Community

Connector Improvement: Option for Using a Primary Key in File Connectors to MERGE data

Completed

John Means User

January 22, 2021 20:40

File connectors currently have no way to infer the primary key from the file itself and use that to intelligently de-duplicate and merge data into the destination. As a result, our tables have many duplicate rows and none of the workaround solutions are ideal. What has been considered:

1. Create a View to Pull Distinct IDs Using max(_fivetran_synced)

This causes latency every time the view is queried by downstream applications (ex: Looker report).

2. Re-Create Table Every Time New Data Is Loaded

This becomes increasingly slow and expensive as our table continues to get bigger and bigger.

3. Use a MERGE statement in the destination into a separate "prod" table

This is not scalable, as the MERGE statement will fail if new columns are added to the table.

Proposal: Allow users to define a primary key column in the file itself and Fivetran automatically uses that to handle the deduplication and performing UPDATES to existing rows in the destination table.

Please sign in to leave a comment.

Comments

4 comments

Official comment

Kevin Kim Fivetranner
- February 12, 2021 20:09
Hi John and Britt,

Thanks for your comments here! It is definitely not ideal to have duplicate rows or too many tables in your destination warehouse.

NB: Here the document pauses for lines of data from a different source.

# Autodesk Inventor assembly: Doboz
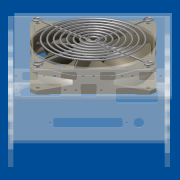
[picture p0: Inventor's stored thumbnail of the model, 180x180]
Saved by Autodesk Inventor 2015 SP1 (Build 190203100, 203)
## iProperties
Created: 2013-02-23
Part Number: Doboz
Document SubType Name: Weldment
Designer: laca
Weld Material: Default
Author: laca
## Documents named in this file (10)
- G:\egyetemMent\iRoobo2013\AlaplapDoboz\Doboz.iam
- G:\egyetemMent\iRoobo2013\AlaplapDoboz\NagyLap2.ipt
- G:\egyetemMent\iRoobo2013\AlaplapDoboz\ventilatorIn.ipt
- G:\egyetemMent\iRoobo2013\AlaplapDoboz\PC Fan grill.ipt
- G:\egyetemMent\iRoobo2013\AlaplapDoboz\OldalalKicsi1.ipt
- G:\egyetemMent\iRoobo2013\AlaplapDoboz\OldalapNagy1.ipt
- G:\egyetemMent\iRoobo2013\AlaplapDoboz\NagyLap1.ipt
- G:\egyetemMent\iRoobo2013\AlaplapDoboz\Elolap.ipt
- G:\egyetemMent\iRoobo2013\AlaplapDoboz\Sarok.ipt
- G:\egyetemMent\iRoobo2013\ForgoSarok.iam
## Components (11 placed, 9 different names)
1. NagyLap2:1 — Mate:1, Mate:2, Mate:3, Insert:1, Insert:2, Mate:12, Flush:1, Mate:24, Mate:28, Mate:29
2. ventilatorIn:1 — Insert:1, Insert:2
3. PC Fan grill:1 — Mate:1, Mate:2, Mate:3
4. OldalalKicsi1:1 — Mate:12, Flush:1, Flush:4, Mate:17, Mate:23, Flush:7, Mate:27, Flush:8, Mate:31, Flush:9, Mate:32, Flush:10, Mate:36, Mate:37, Tangent:2
5. OldalapNagy1:1 — Flush:4, Mate:17, Mate:23, Mate:24, Flush:7, Mate:33, Mate:38
6. NagyLap1:1 — Mate:34, Flush:11, Flush:12, Mate:35, Tangent:1, Flush:13
7. Elolap:1 — Mate:34, Flush:11, Flush:12, Mate:38
8. Sarok:1 — Mate:32, Mate:33, Flush:10
9. Sarok:2 — Mate:30, Mate:31, Flush:9
10. OldalapNagy1:2 — Mate:27, Flush:8, Mate:28, Mate:29, Mate:30
11. ForgoSarok:1 [sub-assembly] — Mate:35, Tangent:1, Flush:13, Mate:36, Mate:37, Tangent:2
## Relationships (32: Mate 19, Flush 9, Insert 2, Tangent 2)
- Mate:1: NagyLap2:1 ↔ PC Fan grill:1
- Mate:2 (2 mm): NagyLap2:1 ↔ PC Fan grill:1
- Mate:3: NagyLap2:1 ↔ PC Fan grill:1
- Insert:1: NagyLap2:1 ↔ ventilatorIn:1
- Insert:2: NagyLap2:1 ↔ ventilatorIn:1
- Mate:12: NagyLap2:1 ↔ OldalalKicsi1:1
- Flush:1: NagyLap2:1 ↔ OldalalKicsi1:1
- Flush:4: OldalalKicsi1:1 ↔ OldalapNagy1:1
- Mate:17: OldalalKicsi1:1 ↔ OldalapNagy1:1
- Mate:23: OldalalKicsi1:1 ↔ OldalapNagy1:1
- Mate:24: NagyLap2:1 ↔ OldalapNagy1:1
- Flush:7: OldalalKicsi1:1 ↔ OldalapNagy1:1
- Mate:27: OldalalKicsi1:1 ↔ OldalapNagy1:2
- Flush:8: OldalalKicsi1:1 ↔ OldalapNagy1:2
- Mate:28: NagyLap2:1 ↔ OldalapNagy1:2
- Mate:29 (2 mm): NagyLap2:1 ↔ OldalapNagy1:2
- Mate:30: Sarok:2 ↔ OldalapNagy1:2
- Mate:31: OldalalKicsi1:1 ↔ Sarok:2
- Flush:9: OldalalKicsi1:1 ↔ Sarok:2
- Mate:32: OldalalKicsi1:1 ↔ Sarok:1
- Mate:33: OldalapNagy1:1 ↔ Sarok:1
- Flush:10: OldalalKicsi1:1 ↔ Sarok:1
- Mate:34: NagyLap1:1 ↔ Elolap:1
- Flush:11 (2 mm): NagyLap1:1 ↔ Elolap:1
- Flush:12: NagyLap1:1 ↔ Elolap:1
- Mate:35: NagyLap1:1 ↔ ForgoSarok:1
- Tangent:1: NagyLap1:1 ↔ ForgoSarok:1
- Flush:13 (60 mm): NagyLap1:1 ↔ ForgoSarok:1
- Mate:36: OldalalKicsi1:1 ↔ ForgoSarok:1
- Mate:37: OldalalKicsi1:1 ↔ ForgoSarok:1
- Mate:38 (-1.5 mm): OldalapNagy1:1 ↔ Elolap:1
- Tangent:2 (-1 mm): OldalalKicsi1:1 ↔ ForgoSarok:1

We can investigate a few possible solutions to this, I wonder if we can either improve how we infer the PK, or as mentioned, allow users to specify it directly (possibly either in the file or via the UI).

However, minimum configuration is one of our key principles, so while we discuss this internally, we want to keep the best user experience in mind. I understand this is causing a pain point and we will look into this to provide the best solution for our users.

Please let me know if you have further comments or questions!
Britt User
- January 25, 2021 23:56
Strongly agree with John. Understand that no primary key probably proves challenging to create the connector but I have otherwise found this Box connector not helpful.

This would have been an awesome solution for my company, since we receive data from 3rd parties via csv (automated) and have since had to insert manually which is a huge cost on resources over time that could be utilized doing something more productive than inserting data. And, for better or worse, we send 3rd party vendors without an API (or something else) to Box to get us close to a somewhat automated solution.

Point is, this was so close from relieving us from a very painful and menial task - and was surprised to see upon connecting 100s of separate tables dropped in our warehouse.
Bart Mosley User
- June 03, 2021 14:20
This feature would help our scenario:

- we receive ftp uploads of a csv file containing updates for a dataset

- each file has a unique name (prefixed with timestamp)

- the contents of the file are consistent with columns in the csv file being suitable to construct a multi-column primary key

- we want the destination database updated via an upsert on the multi-column primary key.

Right now I think our only option is to construct a custom function.
David Tsai User
- June 15, 2022 17:52
Running into this same issue as well. Without this, don't think we are able to use Fivetran for our problem.